**WHAT NEEDS TO BE DONE**
Every line in the records below with the string "DIRECTION" needs to be copied out.

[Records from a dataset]
# # # #
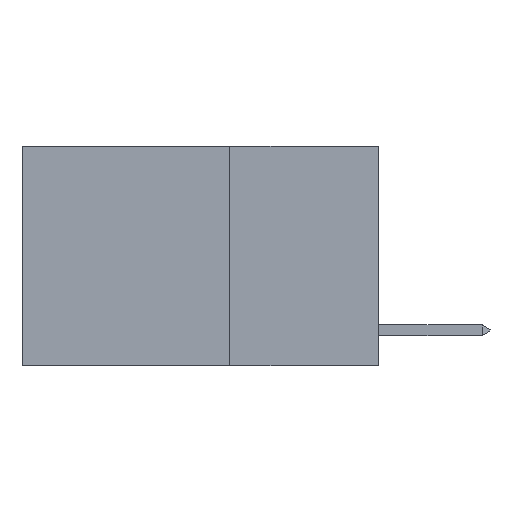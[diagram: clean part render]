
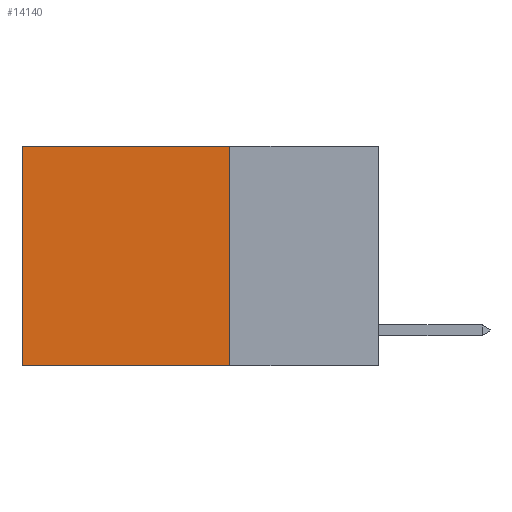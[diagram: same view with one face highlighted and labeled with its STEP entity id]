
A CAD part, left-side view. The second image highlights one B-rep face of the part: STEP entity #14140.
In plain terms, the highlighted planar face has unit normal (-1, 0, 0).
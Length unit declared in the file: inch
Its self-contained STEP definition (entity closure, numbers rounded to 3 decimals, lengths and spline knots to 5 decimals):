
#917 = AXIS2_PLACEMENT_3D ( 'NONE', #19451, #16252, #6191 ) ;
#1829 = LINE ( 'NONE', #14680, #10973 ) ;
#1888 = VERTEX_POINT ( 'NONE', #14402 ) ;
#3116 = ORIENTED_EDGE ( 'NONE', *, *, #17009, .F. ) ;
#4533 = DIRECTION ( 'NONE',  ( 0., 0., -1. ) ) ;
#4834 = LINE ( 'NONE', #10327, #21479 ) ;
#6191 = DIRECTION ( 'NONE',  ( 0., 0., -1. ) ) ;
#7341 = VECTOR ( 'NONE', #17727, 39.37008 ) ;
#9137 = LINE ( 'NONE', #19250, #17489 ) ;
#9317 = ORIENTED_EDGE ( 'NONE', *, *, #16066, .F. ) ;
#9656 = EDGE_LOOP ( 'NONE', ( #18297, #3116, #9317, #10990 ) ) ;
#10327 = CARTESIAN_POINT ( 'NONE',  ( 0.2625, 0.25, -0.37 ) ) ;
#10973 = VECTOR ( 'NONE', #4533, 39.37008 ) ;
#10990 = ORIENTED_EDGE ( 'NONE', *, *, #21555, .T. ) ;
#11836 = LINE ( 'NONE', #12786, #7341 ) ;
#12392 = CARTESIAN_POINT ( 'NONE',  ( 0.2625, 0.6, -0.37 ) ) ;
#12409 = CARTESIAN_POINT ( 'NONE',  ( 0.2625, 0.25, 0. ) ) ;
#12768 = VERTEX_POINT ( 'NONE', #12392 ) ;
#12786 = CARTESIAN_POINT ( 'NONE',  ( 0.2625, 0.6, 0. ) ) ;
#12847 = CARTESIAN_POINT ( 'NONE',  ( 0.2625, 0.6, 0. ) ) ;
#14140 = ADVANCED_FACE ( 'NONE', ( #19341 ), #21088, .F. ) ;
#14402 = CARTESIAN_POINT ( 'NONE',  ( 0.2625, 0.25, -0.37 ) ) ;
#14680 = CARTESIAN_POINT ( 'NONE',  ( 0.2625, 0.25, 0. ) ) ;
#14744 = EDGE_CURVE ( 'NONE', #16674, #12768, #11836, .T. ) ;
#16066 = EDGE_CURVE ( 'NONE', #17802, #1888, #1829, .T. ) ;
#16252 = DIRECTION ( 'NONE',  ( 1., 0., 0. ) ) ;
#16674 = VERTEX_POINT ( 'NONE', #12847 ) ;
#17009 = EDGE_CURVE ( 'NONE', #1888, #12768, #4834, .T. ) ;
#17489 = VECTOR ( 'NONE', #20903, 39.37008 ) ;
#17727 = DIRECTION ( 'NONE',  ( 0., 0., -1. ) ) ;
#17802 = VERTEX_POINT ( 'NONE', #12409 ) ;
#18297 = ORIENTED_EDGE ( 'NONE', *, *, #14744, .T. ) ;
#18605 = DIRECTION ( 'NONE',  ( 0., 1., 0. ) ) ;
#19250 = CARTESIAN_POINT ( 'NONE',  ( 0.2625, 0.25, 0. ) ) ;
#19341 = FACE_OUTER_BOUND ( 'NONE', #9656, .T. ) ;
#19451 = CARTESIAN_POINT ( 'NONE',  ( 0.2625, 0.25, 0. ) ) ;
#20903 = DIRECTION ( 'NONE',  ( 0., 1., 0. ) ) ;
#21088 = PLANE ( 'NONE',  #917 ) ;
#21479 = VECTOR ( 'NONE', #18605, 39.37008 ) ;
#21555 = EDGE_CURVE ( 'NONE', #17802, #16674, #9137, .T. ) ;
# # # #
**RESULT FOR THIS TASK**
#4533 = DIRECTION ( 'NONE',  ( 0., 0., -1. ) ) ;
#6191 = DIRECTION ( 'NONE',  ( 0., 0., -1. ) ) ;
#16252 = DIRECTION ( 'NONE',  ( 1., 0., 0. ) ) ;
#17727 = DIRECTION ( 'NONE',  ( 0., 0., -1. ) ) ;
#18605 = DIRECTION ( 'NONE',  ( 0., 1., 0. ) ) ;
#20903 = DIRECTION ( 'NONE',  ( 0., 1., 0. ) ) ;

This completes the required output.